Cyrano. Cyrano de Bergerac (Peter Dinklage), Offizier im Frankreich des späten 17. Jahrhunderts, liebt die wunderschöne Roxanne (Haley Bennett). Doch er ist kleinwüchsig. Was ihn dazu veranlasst, zu glauben, sie könne seine Gefühle nicht erwidern. Als einer seiner Freunde Roxanne erobern möchte, hilft ihm Cyrano: Er scheibt ihr in dessen Namen die wundervollsten Liebesbriefe. Das führt zu komischen und tragischen Verwicklungen. Edmond Rostands weltberühmtes Versdrama "Cyrano de Bergerac" setzt als Musical auf große Gefühle, melancholische Songs und Hollywoodstar Peter Dinklage ("Game of Thrones") als romantischem Titelheld, auf dem Regie-Stuhl nahm Kostümfilm-Spezialist Joe Wright ("Abbitte", "Anna Karenina") Platz.
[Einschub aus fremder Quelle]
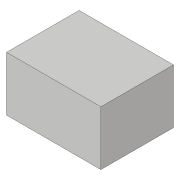
# Autodesk Inventor part: rectangle_1
Saved by Autodesk Inventor 2022 Beta2 (Build 260130000, 130) ContinuousBuild 0
## iProperties
Created: 2018-02-02
Part Number: rectangle_1
Material: Generic
Document SubType Name: Modeling
Designer: jmacmillan
Density: 1 g/cm^3
Appearance: Default
Author: jmacmillan
Autodesk Inventor part; units mm, degrees
ref_plane "YZ Plane" through (0, 0, 0) normal (1, 0, 0) x (0, 1, 0)
ref_plane "XZ Plane" through (0, 0, 0) normal (0, 1, 0) x (-1, 0, 0)
ref_plane "XY Plane" through (0, 0, 0) normal (0, 0, 1) x (1, 0, 0)
sketch "Sketch1" plane through (0, 0, 0) normal (0, 1, 0) x (-1, 0, 0)
  line L0 (13, 10) -> (-13, 10)
  line L1 (-13, 10) -> (-13, -10)
  line L2 (-13, -10) -> (13, -10)
  line L3 (13, -10) -> (13, 10)
  line L4 (0, -14) -> (0, 14) projected
  line L5 (-18.2, 0) -> (18.2, 0) projected
  point P0 (0, 0)
  dimension "d0" = 26
  dimension "d1" = 20
  constraints: 8 end point, 2 equal length, 1 horizontal, 1 perpendicular, 2 other
  measures "d0" distance of L1.end L2.end
  measures "d1" distance of L2.end L0.start
extrude "Extrusion1" add sketch "Sketch1" along normal mid plane 15
body "Solid1"
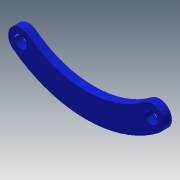
# Autodesk Inventor part: neco
Saved by Autodesk Inventor 2013 (Build 170138000, 138)
## iProperties
Created: 2013-03-09
Part Number: neco
Material: Generic
Document SubType Name: Modeling
Designer: idle-rug
Density: 1 g/cm^3
Author: idle-rug
Autodesk Inventor part; units mm, degrees
ref_plane "YZ Plane" through (0, 0, 0) normal (1, 0, 0) x (0, 1, 0)
ref_plane "XZ Plane" through (0, 0, 0) normal (0, 1, 0) x (-1, 0, 0)
ref_plane "XY Plane" through (0, 0, 0) normal (0, 0, 1) x (1, 0, 0)
sketch "Sketch1" plane through (0, 0, 0) normal (0, 1, 0) x (-1, 0, 0)
  line L0 (0, 0) -> (16, 0)
  line L1 (0, 0) -> (-16, 0)
  circle A0 centre (16, 0) radius 1.5
  circle A1 centre (-16, 0) radius 1.5
  circle A2 centre (16, 0) radius 3
  circle A3 centre (-16, 0) radius 3
  line L2 (14.1819, 2.3863) -> (16, 0)
  line L3 (16, 0) -> (17.8181, -2.3863)
  line L4 (-14.1819, 2.3863) -> (-16, 0)
  line L5 (-16, 0) -> (-17.8181, -2.3863)
  line L6 (0, -2.4008) -> (0, -8.4008)
  arc A4 (-17.8181, -2.3863) -> (17.8181, -2.3863) centre (0, 21) ccw
  arc A5 (-14.1819, 2.3863) -> (14.1819, 2.3863) centre (0, 21) ccw
  dimension "d2" = 3
  dimension "d11" = 6
  constraints: 14 end point, 10 point on circle, 6 centre point, 4 coincident, 3 collinear, 1 horizontal
  measures "d2" diameter of A0
  measures "d11" distance of L6.start L6.end
extrude "Extrusion1" add sketch "Sketch1" along normal blind 2 contours A5 A2 L0 | L0 A2 A4 L6 A5 | A5 L6 A4 A3 L1 | L1 A3 A5 | A2 L2 A0 L0 | L0 A0 L3 A2 | A2 L3 A0 L2 | A3 L5 A1 L1 | L1 A1 L4 A3 | L4 A1 L5 A3 | A0 L2 L0 | L0 L3 A0 | A0 L3 L2 | A1 L5 L1 | L1 L4 A1 | L4 L5 A1
sketch "Sketch2" plane through (0, 2, 0) normal (0, 1, 0) x (1, 0, 0)
  arc A0 (-17.8181, 2.3863) -> (-14.1819, -2.3863) centre (-16, 0) ccw projected
  arc A1 (14.1819, -2.3863) -> (17.8181, 2.3863) centre (16, 0) ccw projected
  circle A2 centre (-16, 0) radius 1.5
  circle A3 centre (16, 0) radius 1.5
  point P0 (0, 0)
  dimension "d14" = 3
  dimension "d15" = 3
  constraints: 2 centre point, 2 coincident
  measures "d14" diameter of A2
  measures "d15" diameter of A3
extrude "Extrusion2" cut sketch "Sketch2" against normal blind 2
body "Solid1"
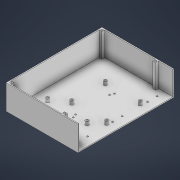
# Autodesk Inventor part: Grundplatte_vorne
Saved by Autodesk Inventor 2021 (Build 250183000, 183)
## iProperties
Created: 2021-01-26
Part Number: Grundplatte_vorne
Material: Generisch
Document SubType Name: Modeling
Designer: Ctroi
Density: 1 g/cm^3
Appearance: Vorgabe
Author: Ctroi
## iProperties of the stored document _3D-Druck.ipt
Created: 2021-02-01
Part Number: _3D-Druck
Material: Generisch
Document SubType Name: Modeling
Designer: Ctroi
Density: 1 g/cm^3
Appearance: Vorgabe
Author: Ctroi
Autodesk Inventor part; units mm, degrees
ref_plane "YZ Plane" through (0, 0, 0) normal (1, 0, 0) x (0, 1, 0)
ref_plane "XZ Plane" through (0, 0, 0) normal (0, 1, 0) x (-1, 0, 0)
ref_plane "XY Plane" through (0, 0, 0) normal (0, 0, 1) x (1, 0, 0)
sketch "Skizze1" plane through (0, 0, 0) normal (0, 1, 0) x (-1, 0, 0)
  line L0 (0, -140) -> (0, 140) projected
  line L1 (-105, 0) -> (105, 0) projected
  line L2 (75, -100) -> (-75, -100)
  line L3 (-75, -100) -> (-75, 100)
  line L4 (-75, 100) -> (75, 100)
  line L5 (75, 100) -> (75, -100)
  point P0 (0, 0)
  dimension "d0" = 150
  dimension "d1" = 200
  constraints: 8 end point, 2 parallel, 1 horizontal, 1 perpendicular, 2 other
  measures "d0" distance of L3.end L4.end
  measures "d1" distance of L2.end L3.end
extrude "Extrusion1" add sketch "Skizze1" along normal blind 2
sketch "Skizze2" plane through (0, 2, 0) normal (0, 1, 0) x (1, 0, 0)
  circle A0 centre (57.5, 82.5) radius 1.6
  line L0 (75, -100) -> (75, 100) projected
  line L1 (75, 100) -> (-75, 100) projected
  circle A1 centre (57.5, 62.5) radius 1.6
  line L2 (105, 0) -> (-105, 0) projected
  circle A2 centre (57.5, -82.5) radius 1.6
  circle A3 centre (57.5, -62.5) radius 1.6
  point P0 (0, 0)
  dimension "d4" = 3.2
  dimension "d5" = 17.5
  dimension "d6" = 17.5
  dimension "d7" = 3.2
  dimension "d8" = 20
  dimension "d9" = 17.5
  constraints: 4 centre point, 2 symmetric about line, 2 other
  measures "d4" diameter of A0
  measures "d5" distance from line of L0 A0.centre
  measures "d6" distance from line of L1 A0.centre
  measures "d7" diameter of A1
  measures "d8" distance of A0.centre A1.centre
  measures "d9" distance from line of L0 A1.centre
extrude "Extrusion2" cut sketch "Skizze2" against normal up to surface (2 mm away)
sketch "Skizze4" plane through (0, 2, 0) normal (0, 1, 0) x (1, 0, 0)
  line L0 (-75, -100) -> (75, -100) projected
  line L1 (-75, 100) -> (-75, -100) projected
  line L2 (75, -100) -> (-75, -100)
  line L3 (-75, -100) -> (-75, -98)
  line L4 (-75, -98) -> (75, -98)
  line L5 (75, -98) -> (75, -100)
  line L6 (75, 100) -> (-75, 100) projected
  line L7 (75, 100) -> (-75, 100)
  line L8 (-75, 100) -> (-75, 98)
  line L9 (-75, 98) -> (75, 98)
  line L10 (75, 98) -> (75, 100)
  line L11 (75, -98) -> (39, -98)
  line L12 (39, -98) -> (39, -92)
  line L13 (39, -92) -> (45, -92)
  line L14 (75, 98) -> (39, 98)
  line L15 (39, 98) -> (39, 92)
  line L16 (39, 92) -> (45, 92)
  line L17 (-75, -98) -> (-73, -98)
  line L18 (-73, -98) -> (-73, 98)
  line L19 (-73, 98) -> (-75, 98)
  line L20 (-75, 98) -> (-75, -98)
  line L21 (-73, 98) -> (-67, 98)
  line L22 (-67, 98) -> (-67, 92)
  line L23 (-67, 92) -> (-73, 92)
  line L24 (-73, 92) -> (-73, 98)
  line L25 (-73, -98) -> (-67, -98)
  line L26 (-67, -98) -> (-67, -92)
  line L27 (-67, -92) -> (-73, -92)
  line L28 (-73, -92) -> (-73, -98)
  line L29 (45, -92) -> (45, -98)
  line L30 (75, -100) -> (75, 100) projected
  line L31 (45, 98) -> (45, 92)
  point P0 (0, 0)
  point P1 (75, 92)
  point P2 (39, -98)
  point P3 (39, -98)
  dimension "d18" = 2
  dimension "d19" = 2
  dimension "d21" = 6
  dimension "d23" = 6
  dimension "d24" = 2
  dimension "d25" = 6
  dimension "d26" = 6
  dimension "d27" = 6
  dimension "d28" = 6
  dimension "d130" = 6
  dimension "d131" = 30
  dimension "d132" = 6
  dimension "d133" = 30
  constraints: 56 end point, 12 parallel, 9 perpendicular, 7 horizontal, 5 point on line
  measures "d18" distance of L2.end L3.end
  measures "d19" distance of L8.end L7.end
  measures "d21" distance of L11.end L12.end
  measures "d23" distance of L15.end L14.end
  measures "d24" distance of L19.end L18.end
  measures "d25" distance of L22.end L23.end
  measures "d26" distance of L21.end L22.end
  measures "d27" distance of L27.end L26.end
  measures "d28" distance of L26.end L25.end
  measures "d130" distance between parallel lines of L12 L29
  measures "d131" distance between parallel lines of L30 L29
  measures "d132" distance between parallel lines of L31 L15
  measures "d133" distance between parallel lines of L30 L31
extrude "Extrusion4" add sketch "Skizze4" along normal blind 50 contours L1 L4 L5 L0 | L1 L9 L18 L4 | L1 L6 L10 L9 | L18 L27 L26 L4 | L4 L12 L13 L29 | L9 L22 L23 L18 | L31 L16 L15 L9
sketch "Skizze5" plane through (0, 2, 0) normal (0, 1, 0) x (1, 0, 0)
  circle A0 centre (55, 50) radius 3.5
  circle A1 centre (55, -20) radius 3.5
  line L0 (-105, 0) -> (105, 0) projected
  line L1 (105, 0) -> (-105, 0) projected
  line L2 (75, -98) -> (75, 98) projected
  circle A2 centre (-18, -20) radius 3.5
  circle A3 centre (-18, 50) radius 3.5
  line L3 (75, 100) -> (-75, 100) projected
  circle A4 centre (35.2743, -41.2) radius 3.5
  circle A5 centre (-47.2757, -41.2) radius 3.5
  circle A6 centre (-40.9257, -89.46) radius 3.5
  circle A7 centre (34.0043, -89.46) radius 3.5
  line L4 (-75, -100) -> (75, -100) projected
  line L5 (-75, 100) -> (-75, -100) projected
  point P0 (0, 0)
  point P1 (75, 92)
  dimension "d31" = 7
  dimension "d32" = 7
  dimension "d35" = 20
  dimension "d36" = 20
  dimension "d37" = 7
  dimension "d38" = 73
  dimension "d40" = 7
  dimension "d42" = 73
  dimension "d68" = 70
  dimension "d69" = 70
  dimension "d70" = 50
  dimension "d73" = 50
  dimension "d74" = 7
  dimension "d75" = 7
  dimension "d83" = 7
  dimension "d86" = 7
  dimension "d110" = 10.54
  dimension "d111" = 40.9957
  dimension "d113" = 58.8
  dimension "d114" = 39.7257
  dimension "d115" = 10.54
  dimension "d116" = 34.0743
  dimension "d117" = 27.7243
  dimension "d118" = 58.8
  constraints: 8 centre point
  measures "d31" diameter of A0
  measures "d32" diameter of A1
  measures "d35" distance from line of L2 A0.centre
  measures "d36" distance from line of L2 A1.centre
  measures "d37" diameter of A2
  measures "d38" distance of A1.centre A2.centre
  measures "d40" diameter of A3
  measures "d42" distance of A0.centre A3.centre
  measures "d68" distance of A0.centre A1.centre
  measures "d69" distance of A3.centre A2.centre
  measures "d70" distance from line of L0 A0.centre
  measures "d73" distance from line of L3 A3.centre
  measures "d74" diameter of A4
  measures "d75" diameter of A5
  measures "d83" diameter of A6
  measures "d86" diameter of A7
  measures "d110" distance from line of L4 A7.centre
  measures "d111" distance from line of L2 A7.centre
  measures "d113" distance from line of L4 A4.centre
  measures "d114" distance from line of L2 A4.centre
  measures "d115" distance from line of L4 A6.centre
  measures "d116" distance from line of L5 A6.centre
  measures "d117" distance from line of L5 A5.centre
  measures "d118" distance from line of L4 A5.centre
extrude "Extrusion5" add sketch "Skizze5" along normal blind 7
sketch "Skizze6" plane through (-18, 9, -50) normal (0, 1, 0) x (1, 0, 0)
  circle A0 centre (0, 0) radius 2
  circle A1 centre (73, 0) radius 3.5 projected
  circle A2 centre (73, 0) radius 2
  circle A3 centre (0, -70) radius 2
  circle A4 centre (0, -70) radius 3.5 projected
  circle A5 centre (73, -70) radius 3.5 projected
  circle A6 centre (73, -70) radius 2
  circle A7 centre (52.0043, -139.46) radius 2
  circle A8 centre (52.0043, -139.46) radius 3.5 projected
  circle A9 centre (53.2743, -91.2) radius 2
  circle A10 centre (53.2743, -91.2) radius 3.5 projected
  circle A11 centre (-29.2757, -91.2) radius 2
  circle A12 centre (-29.2757, -91.2) radius 3.5 projected
  circle A13 centre (-22.9257, -139.46) radius 2
  circle A14 centre (-22.9257, -139.46) radius 3.5 projected
  dimension "d45" = 4
  dimension "d46" = 4
  dimension "d47" = 4
  dimension "d48" = 0
  dimension "d49" = 4
  dimension "d50" = 73
  dimension "d51" = 70
  dimension "d96" = 4
  dimension "d97" = 0
  dimension "d98" = 0
  dimension "d99" = 4
  dimension "d100" = 0
  dimension "d101" = 0
  dimension "d102" = 4
  dimension "d103" = 0
  dimension "d104" = 4
  dimension "d105" = 0
  constraints: 8 centre point, 2 coincident
  measures "d45" diameter of A0
  measures "d46" diameter of A2
  measures "d47" diameter of A3
  measures "d48" distance of A4.centre A3.centre
  measures "d49" diameter of A6
  measures "d50" distance of A2.centre A0.centre
  measures "d51" distance of A3.centre A0.centre
  measures "d96" diameter of A7
  measures "d97" distance of A8.centre A7.centre
  measures "d98" distance of A8.centre A7.centre
  measures "d99" diameter of A9
  measures "d100" distance of A10.centre A9.centre
  measures "d101" distance of A10.centre A9.centre
  measures "d102" diameter of A11
  measures "d103" distance of A12.centre A11.centre
  measures "d104" diameter of A13
  measures "d105" distance of A14.centre A13.centre
extrude "Extrusion6" cut sketch "Skizze6" against normal blind 5 contours A0 | A2 | A3 | A6 | A7 | A9 | A11 | A13
sketch "Skizze7" plane through (0, 52, 0) normal (0, 1, 0) x (1, 0, 0)
  circle A0 centre (42, -95) radius 2
  circle A1 centre (-70, -95) radius 2
  circle A2 centre (-70, 95) radius 2
  circle A3 centre (42, 95) radius 2
  line L0 (39, 98) -> (39, 92) projected
  line L1 (39, 92) -> (45, 92) projected
  line L2 (39, -92) -> (39, -98) projected
  line L3 (45, -92) -> (39, -92) projected
  line L4 (-67, -98) -> (-67, -92) projected
  line L5 (-67, -92) -> (-73, -92) projected
  line L6 (-67, 92) -> (-67, 98) projected
  line L7 (-73, 92) -> (-67, 92) projected
  line L8 (45, -98) -> (45, -92) projected
  line L9 (45, 92) -> (45, 98) projected
  point P0 (0, 0)
  point P1 (75, 92)
  point P2 (75, -92)
  dimension "d54" = 4
  dimension "d55" = 4
  dimension "d56" = 4
  dimension "d57" = 4
  dimension "d59" = 3
  dimension "d61" = 3
  dimension "d62" = 3
  dimension "d63" = 3
  dimension "d64" = 3
  dimension "d65" = 3
  dimension "d134" = 3
  dimension "d135" = 3
  constraints: 4 centre point
  measures "d54" diameter of A0
  measures "d55" diameter of A1
  measures "d56" diameter of A2
  measures "d57" diameter of A3
  measures "d59" distance from line of L1 A3.centre
  measures "d61" distance from line of L3 A0.centre
  measures "d62" distance from line of L4 A1.centre
  measures "d63" distance from line of L5 A1.centre
  measures "d64" distance from line of L6 A2.centre
  measures "d65" distance from line of L7 A2.centre
  measures "d134" distance from line of L8 A0.centre
  measures "d135" distance from line of L9 A3.centre
extrude "Extrusion7" cut sketch "Skizze7" against normal blind 5
sketch "Skizze8" plane through (0, 2, 0) normal (0, 1, 0) x (1, 0, 0)
  circle A0 centre (57, 10) radius 1.6
  line L0 (105, 0) -> (-105, 0) projected
  line L1 (75, -98) -> (75, 98) projected
  circle A1 centre (57, -10) radius 1.6
  circle A2 centre (8.109, 42.961) radius 1.6
  circle A3 centre (5.373, 35.444) radius 1.6
  circle A4 centre (8.109, -42.961) radius 1.6
  circle A5 centre (5.373, -35.444) radius 1.6
  point P0 (0, 0)
  point P1 (75, -92)
  point P2 (75, 92)
  dimension "d119" = 3.2
  dimension "d120" = 18
  dimension "d121" = 10
  dimension "d122" = 3.2
  dimension "d123" = 3.2
  dimension "d124" = 66.891
  dimension "d125" = 69.627
  dimension "d126" = 42.961
  dimension "d127" = 35.444
  constraints: 6 centre point, 3 symmetric about line, 3 other
  measures "d119" diameter of A0
  measures "d120" distance from line of L1 A0.centre
  measures "d121" distance from line of L0 A0.centre
  measures "d122" diameter of A2
  measures "d123" diameter of A3
  measures "d124" distance from line of A2.centre L1
  measures "d125" distance from line of L1 A3.centre
  measures "d126" distance from line of L0 A2.centre
  measures "d127" distance from line of L0 A3.centre
extrude "Extrusion8" cut sketch "Skizze8" against normal up to surface (2 mm away)
equation "\"d43\" = d83"

The Card Counter. Ein stiller, in sich gekehrter Mann, der sein Geld mit Glücksspiel in Casinos verdient: Auf den ersten Blick scheint William Tell (Oscar Isaac) ein eher unscheinbarer Typ mit einem etwas ungewöhnlichen Job und Namen zu sein. Doch dann holt ihn seine dunkle Vergangenheit ein - er saß lange Jahre im Gefängnis, weil er in Abu Ghraib im Irak als US-Soldat stationiert war und dort auf bestialische Art Gefangene gefoltert hatte. Mit "The Card Counter" legt Regie-Legende Paul Schrader ein subtiles Politdrama vor, das von den darstellerischen Leistungen des Ensembles profitiert und für viel Applaus bei der Premiere beim Filmfestival von Venedig 2021 sorgte.

Noch einmal, June. June Wilton (Noni Hazlehurst) wundert sich über die komischen Fragen, die ihr gestellt werden, als sie erwacht. Und warum ist sie nicht zu Hause? Mit Schrecken muss sie erfahren, dass sie seit einem Schlaganfall vor fünf Jahren in einem Pflegeheim lebt - bis nun wieder ihre Sinne überraschend zurückgekehrt sind. Zugleich droht jederzeit ein Rückfall. Und so muss June ihr neues Leben wieder in die Hand nehmen, ist die Familie in der Zeit ihrer geistigen Abwesenheit doch gehörig durcheinander geraten.